# for the kids Reindeer Cam



## marlowmanor (Nov 2, 2012)

I know it's a little early to be thinking about Christmas, but this sight was fun for the kids last year and my SIL was letting me know the elves are starting to get the area ready. In December Santa comes out to feed the reindeer a couple times during the day and the kids can watch him.

http://reindeercam.com/


----------



## CrazyCatNChickenLady (Nov 2, 2012)

SSSAAAANNNNTTTTTAAAAAAAAA!!!!!!!       Lol, sorry, just watched the movie Elf.  I'm in such a christmas mood lately. Christmas came and went so fast last year I didn't get a chance to enjoy the holidays!

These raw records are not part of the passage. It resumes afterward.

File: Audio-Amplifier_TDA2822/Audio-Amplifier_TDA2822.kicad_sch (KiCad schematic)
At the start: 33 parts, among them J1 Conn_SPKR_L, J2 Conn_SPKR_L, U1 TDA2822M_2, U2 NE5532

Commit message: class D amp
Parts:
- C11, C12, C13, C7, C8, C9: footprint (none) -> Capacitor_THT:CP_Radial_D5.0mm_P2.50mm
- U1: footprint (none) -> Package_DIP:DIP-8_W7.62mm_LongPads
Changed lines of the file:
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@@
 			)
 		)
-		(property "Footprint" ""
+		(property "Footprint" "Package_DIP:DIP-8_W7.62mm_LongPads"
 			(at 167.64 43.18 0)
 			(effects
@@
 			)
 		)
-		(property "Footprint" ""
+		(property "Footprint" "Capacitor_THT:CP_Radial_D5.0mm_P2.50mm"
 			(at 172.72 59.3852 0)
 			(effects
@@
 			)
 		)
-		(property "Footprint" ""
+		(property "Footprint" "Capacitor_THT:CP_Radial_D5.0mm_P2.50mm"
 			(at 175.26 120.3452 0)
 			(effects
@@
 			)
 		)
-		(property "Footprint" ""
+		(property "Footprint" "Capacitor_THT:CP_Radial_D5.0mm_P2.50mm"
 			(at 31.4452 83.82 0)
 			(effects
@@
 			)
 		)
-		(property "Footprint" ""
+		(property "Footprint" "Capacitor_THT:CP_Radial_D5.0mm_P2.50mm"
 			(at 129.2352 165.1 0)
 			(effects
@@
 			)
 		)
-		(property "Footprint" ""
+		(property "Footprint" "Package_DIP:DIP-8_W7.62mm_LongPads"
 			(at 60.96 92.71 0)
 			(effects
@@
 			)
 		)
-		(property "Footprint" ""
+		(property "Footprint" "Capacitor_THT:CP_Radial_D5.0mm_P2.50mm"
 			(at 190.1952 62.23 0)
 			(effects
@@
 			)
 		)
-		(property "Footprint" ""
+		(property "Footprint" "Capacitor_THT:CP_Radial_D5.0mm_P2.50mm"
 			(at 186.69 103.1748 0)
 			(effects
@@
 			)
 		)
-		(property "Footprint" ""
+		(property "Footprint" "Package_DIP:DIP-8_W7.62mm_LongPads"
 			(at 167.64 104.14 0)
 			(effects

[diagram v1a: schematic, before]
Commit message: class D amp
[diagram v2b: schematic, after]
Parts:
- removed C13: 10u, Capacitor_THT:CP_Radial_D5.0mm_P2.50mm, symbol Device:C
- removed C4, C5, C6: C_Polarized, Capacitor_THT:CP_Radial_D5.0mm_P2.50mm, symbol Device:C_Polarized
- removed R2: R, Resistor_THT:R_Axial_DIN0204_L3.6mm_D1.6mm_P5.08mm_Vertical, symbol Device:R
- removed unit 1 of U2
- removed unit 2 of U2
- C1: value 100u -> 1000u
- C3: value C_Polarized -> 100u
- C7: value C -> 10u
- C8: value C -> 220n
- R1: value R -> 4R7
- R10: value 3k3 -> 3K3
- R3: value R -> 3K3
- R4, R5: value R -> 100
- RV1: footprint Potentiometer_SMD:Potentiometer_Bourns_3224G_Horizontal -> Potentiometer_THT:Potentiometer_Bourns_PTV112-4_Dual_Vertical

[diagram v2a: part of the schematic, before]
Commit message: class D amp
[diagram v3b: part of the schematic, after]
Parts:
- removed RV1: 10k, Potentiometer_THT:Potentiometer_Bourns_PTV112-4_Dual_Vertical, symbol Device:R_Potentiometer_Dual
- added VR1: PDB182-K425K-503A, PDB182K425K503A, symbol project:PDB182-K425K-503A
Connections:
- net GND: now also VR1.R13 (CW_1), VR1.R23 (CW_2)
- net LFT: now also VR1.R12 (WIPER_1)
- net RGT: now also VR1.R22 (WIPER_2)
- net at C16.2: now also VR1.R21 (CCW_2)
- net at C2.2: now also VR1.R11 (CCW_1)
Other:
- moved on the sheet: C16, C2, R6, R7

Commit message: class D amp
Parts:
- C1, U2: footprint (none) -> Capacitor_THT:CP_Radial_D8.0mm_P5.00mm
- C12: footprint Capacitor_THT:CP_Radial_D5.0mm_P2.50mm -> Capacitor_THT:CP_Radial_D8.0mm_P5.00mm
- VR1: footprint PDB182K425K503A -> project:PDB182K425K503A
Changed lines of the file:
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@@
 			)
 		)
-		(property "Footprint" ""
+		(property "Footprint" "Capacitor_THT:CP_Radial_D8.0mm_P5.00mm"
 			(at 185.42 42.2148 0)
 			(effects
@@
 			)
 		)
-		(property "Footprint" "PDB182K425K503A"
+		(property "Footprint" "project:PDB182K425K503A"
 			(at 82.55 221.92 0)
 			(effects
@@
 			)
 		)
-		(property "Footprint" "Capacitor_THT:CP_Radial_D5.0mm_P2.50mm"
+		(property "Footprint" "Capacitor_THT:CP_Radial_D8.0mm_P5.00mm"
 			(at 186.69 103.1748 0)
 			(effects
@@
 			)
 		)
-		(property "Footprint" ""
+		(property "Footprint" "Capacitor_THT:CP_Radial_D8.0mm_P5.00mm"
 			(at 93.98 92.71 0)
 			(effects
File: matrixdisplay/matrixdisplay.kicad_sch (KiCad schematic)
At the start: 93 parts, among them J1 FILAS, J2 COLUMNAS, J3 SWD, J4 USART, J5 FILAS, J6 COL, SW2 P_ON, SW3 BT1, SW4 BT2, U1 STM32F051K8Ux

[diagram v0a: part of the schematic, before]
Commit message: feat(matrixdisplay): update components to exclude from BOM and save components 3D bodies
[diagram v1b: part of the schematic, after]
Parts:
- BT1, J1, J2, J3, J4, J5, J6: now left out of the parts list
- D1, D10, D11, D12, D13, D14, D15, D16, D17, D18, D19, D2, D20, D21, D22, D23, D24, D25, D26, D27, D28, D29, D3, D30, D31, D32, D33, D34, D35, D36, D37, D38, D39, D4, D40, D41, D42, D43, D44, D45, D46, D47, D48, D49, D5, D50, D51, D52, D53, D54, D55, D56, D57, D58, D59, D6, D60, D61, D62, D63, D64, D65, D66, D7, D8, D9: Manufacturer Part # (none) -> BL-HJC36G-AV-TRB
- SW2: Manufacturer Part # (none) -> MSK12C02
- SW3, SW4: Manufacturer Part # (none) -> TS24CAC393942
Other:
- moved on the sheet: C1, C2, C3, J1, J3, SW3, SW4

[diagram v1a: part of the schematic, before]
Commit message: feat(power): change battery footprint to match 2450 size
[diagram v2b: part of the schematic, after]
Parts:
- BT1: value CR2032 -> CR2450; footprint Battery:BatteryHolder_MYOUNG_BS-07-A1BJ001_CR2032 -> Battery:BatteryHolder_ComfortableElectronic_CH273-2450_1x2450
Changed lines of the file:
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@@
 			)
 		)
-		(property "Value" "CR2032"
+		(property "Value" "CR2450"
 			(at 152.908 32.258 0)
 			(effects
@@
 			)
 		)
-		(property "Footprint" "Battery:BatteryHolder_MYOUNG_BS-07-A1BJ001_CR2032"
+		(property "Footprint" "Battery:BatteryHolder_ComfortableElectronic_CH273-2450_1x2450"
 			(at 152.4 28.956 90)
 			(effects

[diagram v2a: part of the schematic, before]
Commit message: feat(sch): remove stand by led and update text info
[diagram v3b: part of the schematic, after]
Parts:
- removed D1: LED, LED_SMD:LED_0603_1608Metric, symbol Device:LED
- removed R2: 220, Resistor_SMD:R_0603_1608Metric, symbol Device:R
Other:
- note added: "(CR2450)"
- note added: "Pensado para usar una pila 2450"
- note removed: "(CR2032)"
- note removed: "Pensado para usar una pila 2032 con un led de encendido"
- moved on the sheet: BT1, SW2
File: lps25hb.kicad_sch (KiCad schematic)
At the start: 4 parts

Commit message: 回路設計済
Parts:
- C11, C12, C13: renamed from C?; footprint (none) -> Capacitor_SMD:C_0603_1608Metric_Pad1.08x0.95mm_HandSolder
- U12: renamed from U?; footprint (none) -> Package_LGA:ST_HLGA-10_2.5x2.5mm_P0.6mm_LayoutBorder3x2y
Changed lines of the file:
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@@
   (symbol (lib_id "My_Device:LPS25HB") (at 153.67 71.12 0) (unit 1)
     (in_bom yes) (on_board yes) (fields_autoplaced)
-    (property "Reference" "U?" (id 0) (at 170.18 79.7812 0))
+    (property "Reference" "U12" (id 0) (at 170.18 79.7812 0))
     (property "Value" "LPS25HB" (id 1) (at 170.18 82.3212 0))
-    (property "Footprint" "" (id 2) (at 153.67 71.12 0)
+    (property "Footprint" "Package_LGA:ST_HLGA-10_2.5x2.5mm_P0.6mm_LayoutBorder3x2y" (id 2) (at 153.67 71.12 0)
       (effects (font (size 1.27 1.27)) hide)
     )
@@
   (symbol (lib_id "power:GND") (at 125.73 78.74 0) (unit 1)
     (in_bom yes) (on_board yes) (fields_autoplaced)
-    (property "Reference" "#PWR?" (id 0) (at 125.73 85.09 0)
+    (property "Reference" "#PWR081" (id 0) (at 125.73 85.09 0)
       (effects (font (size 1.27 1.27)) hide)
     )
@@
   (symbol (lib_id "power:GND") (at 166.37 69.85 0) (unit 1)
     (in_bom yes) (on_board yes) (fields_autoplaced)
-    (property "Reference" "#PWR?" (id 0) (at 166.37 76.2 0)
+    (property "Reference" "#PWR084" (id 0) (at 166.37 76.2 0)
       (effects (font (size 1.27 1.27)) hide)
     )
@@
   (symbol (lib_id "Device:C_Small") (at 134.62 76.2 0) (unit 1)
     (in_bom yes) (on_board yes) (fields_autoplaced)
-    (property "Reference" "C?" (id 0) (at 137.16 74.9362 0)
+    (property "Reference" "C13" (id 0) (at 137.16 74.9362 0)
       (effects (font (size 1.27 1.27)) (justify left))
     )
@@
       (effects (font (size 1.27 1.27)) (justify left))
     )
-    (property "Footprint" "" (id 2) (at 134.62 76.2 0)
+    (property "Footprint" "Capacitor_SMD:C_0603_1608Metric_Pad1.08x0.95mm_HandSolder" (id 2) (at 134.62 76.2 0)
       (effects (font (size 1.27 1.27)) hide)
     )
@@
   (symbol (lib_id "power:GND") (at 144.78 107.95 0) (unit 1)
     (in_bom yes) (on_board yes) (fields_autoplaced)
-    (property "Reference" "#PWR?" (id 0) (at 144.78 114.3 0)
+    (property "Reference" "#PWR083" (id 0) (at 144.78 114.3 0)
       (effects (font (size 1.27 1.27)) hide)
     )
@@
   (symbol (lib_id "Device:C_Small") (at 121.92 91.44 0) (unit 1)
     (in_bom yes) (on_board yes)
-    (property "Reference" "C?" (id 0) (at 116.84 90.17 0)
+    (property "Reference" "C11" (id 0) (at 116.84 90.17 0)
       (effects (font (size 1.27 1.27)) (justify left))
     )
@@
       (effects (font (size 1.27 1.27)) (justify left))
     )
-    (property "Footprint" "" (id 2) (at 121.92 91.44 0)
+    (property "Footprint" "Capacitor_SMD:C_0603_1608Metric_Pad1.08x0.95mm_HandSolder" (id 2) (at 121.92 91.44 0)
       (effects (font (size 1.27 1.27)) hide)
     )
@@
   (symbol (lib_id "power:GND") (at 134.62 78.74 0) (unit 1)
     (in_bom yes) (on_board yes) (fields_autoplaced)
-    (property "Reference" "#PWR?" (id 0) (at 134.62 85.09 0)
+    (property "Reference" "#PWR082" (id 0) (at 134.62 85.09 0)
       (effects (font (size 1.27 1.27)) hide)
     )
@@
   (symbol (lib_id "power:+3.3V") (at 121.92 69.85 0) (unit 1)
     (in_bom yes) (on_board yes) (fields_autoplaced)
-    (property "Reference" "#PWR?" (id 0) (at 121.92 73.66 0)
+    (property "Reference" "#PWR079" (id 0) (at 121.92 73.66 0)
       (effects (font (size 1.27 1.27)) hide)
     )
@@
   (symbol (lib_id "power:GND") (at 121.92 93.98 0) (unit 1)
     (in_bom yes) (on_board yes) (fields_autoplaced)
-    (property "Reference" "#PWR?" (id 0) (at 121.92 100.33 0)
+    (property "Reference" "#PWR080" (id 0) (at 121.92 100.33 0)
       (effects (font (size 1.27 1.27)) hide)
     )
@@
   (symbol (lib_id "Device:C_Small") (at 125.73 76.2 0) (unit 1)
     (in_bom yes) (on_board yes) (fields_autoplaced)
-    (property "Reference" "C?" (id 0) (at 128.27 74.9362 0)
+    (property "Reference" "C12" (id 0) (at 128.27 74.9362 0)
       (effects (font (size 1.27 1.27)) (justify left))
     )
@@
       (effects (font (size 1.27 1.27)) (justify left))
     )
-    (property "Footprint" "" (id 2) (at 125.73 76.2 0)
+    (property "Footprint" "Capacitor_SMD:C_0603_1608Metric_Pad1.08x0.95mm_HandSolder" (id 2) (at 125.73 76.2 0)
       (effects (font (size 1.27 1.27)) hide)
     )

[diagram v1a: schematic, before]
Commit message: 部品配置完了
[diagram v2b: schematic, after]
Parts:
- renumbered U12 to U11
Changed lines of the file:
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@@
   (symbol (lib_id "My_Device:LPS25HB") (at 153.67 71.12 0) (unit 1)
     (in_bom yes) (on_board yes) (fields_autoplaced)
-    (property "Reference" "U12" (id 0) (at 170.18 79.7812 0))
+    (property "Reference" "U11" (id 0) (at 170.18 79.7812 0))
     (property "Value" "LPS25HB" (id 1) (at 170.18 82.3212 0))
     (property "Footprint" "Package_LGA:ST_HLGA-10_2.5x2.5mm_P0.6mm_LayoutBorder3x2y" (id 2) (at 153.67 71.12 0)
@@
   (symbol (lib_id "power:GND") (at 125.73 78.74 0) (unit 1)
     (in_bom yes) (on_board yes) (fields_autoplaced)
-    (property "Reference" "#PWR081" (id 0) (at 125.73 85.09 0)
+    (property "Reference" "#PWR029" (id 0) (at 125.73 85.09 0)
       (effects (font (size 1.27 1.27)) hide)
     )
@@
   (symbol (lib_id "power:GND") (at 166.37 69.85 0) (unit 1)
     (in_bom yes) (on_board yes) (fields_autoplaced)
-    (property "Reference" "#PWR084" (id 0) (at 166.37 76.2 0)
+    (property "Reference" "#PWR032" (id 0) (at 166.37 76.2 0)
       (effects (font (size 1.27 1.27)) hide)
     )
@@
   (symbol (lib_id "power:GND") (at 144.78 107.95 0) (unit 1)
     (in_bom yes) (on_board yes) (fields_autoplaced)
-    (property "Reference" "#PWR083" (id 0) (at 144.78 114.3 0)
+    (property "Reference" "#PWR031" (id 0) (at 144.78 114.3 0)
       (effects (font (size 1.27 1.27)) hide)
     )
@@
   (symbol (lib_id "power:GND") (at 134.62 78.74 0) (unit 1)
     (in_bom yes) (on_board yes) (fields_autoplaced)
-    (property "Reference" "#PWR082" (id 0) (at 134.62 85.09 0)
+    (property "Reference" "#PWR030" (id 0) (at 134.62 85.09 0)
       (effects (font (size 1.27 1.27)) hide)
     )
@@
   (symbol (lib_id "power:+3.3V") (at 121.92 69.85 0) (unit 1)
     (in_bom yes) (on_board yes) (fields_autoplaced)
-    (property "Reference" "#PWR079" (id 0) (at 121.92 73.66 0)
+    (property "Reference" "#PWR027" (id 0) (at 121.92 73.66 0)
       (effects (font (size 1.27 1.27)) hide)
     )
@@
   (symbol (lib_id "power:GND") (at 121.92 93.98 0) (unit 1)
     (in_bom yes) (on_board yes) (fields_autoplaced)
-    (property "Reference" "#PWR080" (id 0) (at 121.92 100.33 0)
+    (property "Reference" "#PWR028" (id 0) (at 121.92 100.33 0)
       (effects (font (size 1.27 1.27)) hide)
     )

Startin' early this year.. Even the walmart has christmas stuff up already!!


----------



## marlowmanor (Nov 2, 2012)

CrazyCatNChickenLady said:
			
		

> SSSAAAANNNNTTTTTAAAAAAAAA!!!!!!!       Lol, sorry, just watched the movie Elf.  I'm in such a christmas mood lately. Christmas came and went so fast last year I didn't get a chance to enjoy the holidays! Startin' early this year.. Even the walmart has christmas stuff up already!!


Yeah, I kind of hate it. Christmas stuff was up with the Halloween stuff. I told DH next year they'll start putting Christmas stuff out in July the way they are going!


----------



## Alice Acres (Nov 2, 2012)

I just put the 1st of my fall decorations out yesterday, so there's NO way I am ready to think about Christmas!!!

Fun link though and shared it with my daughters to show our grandkids


----------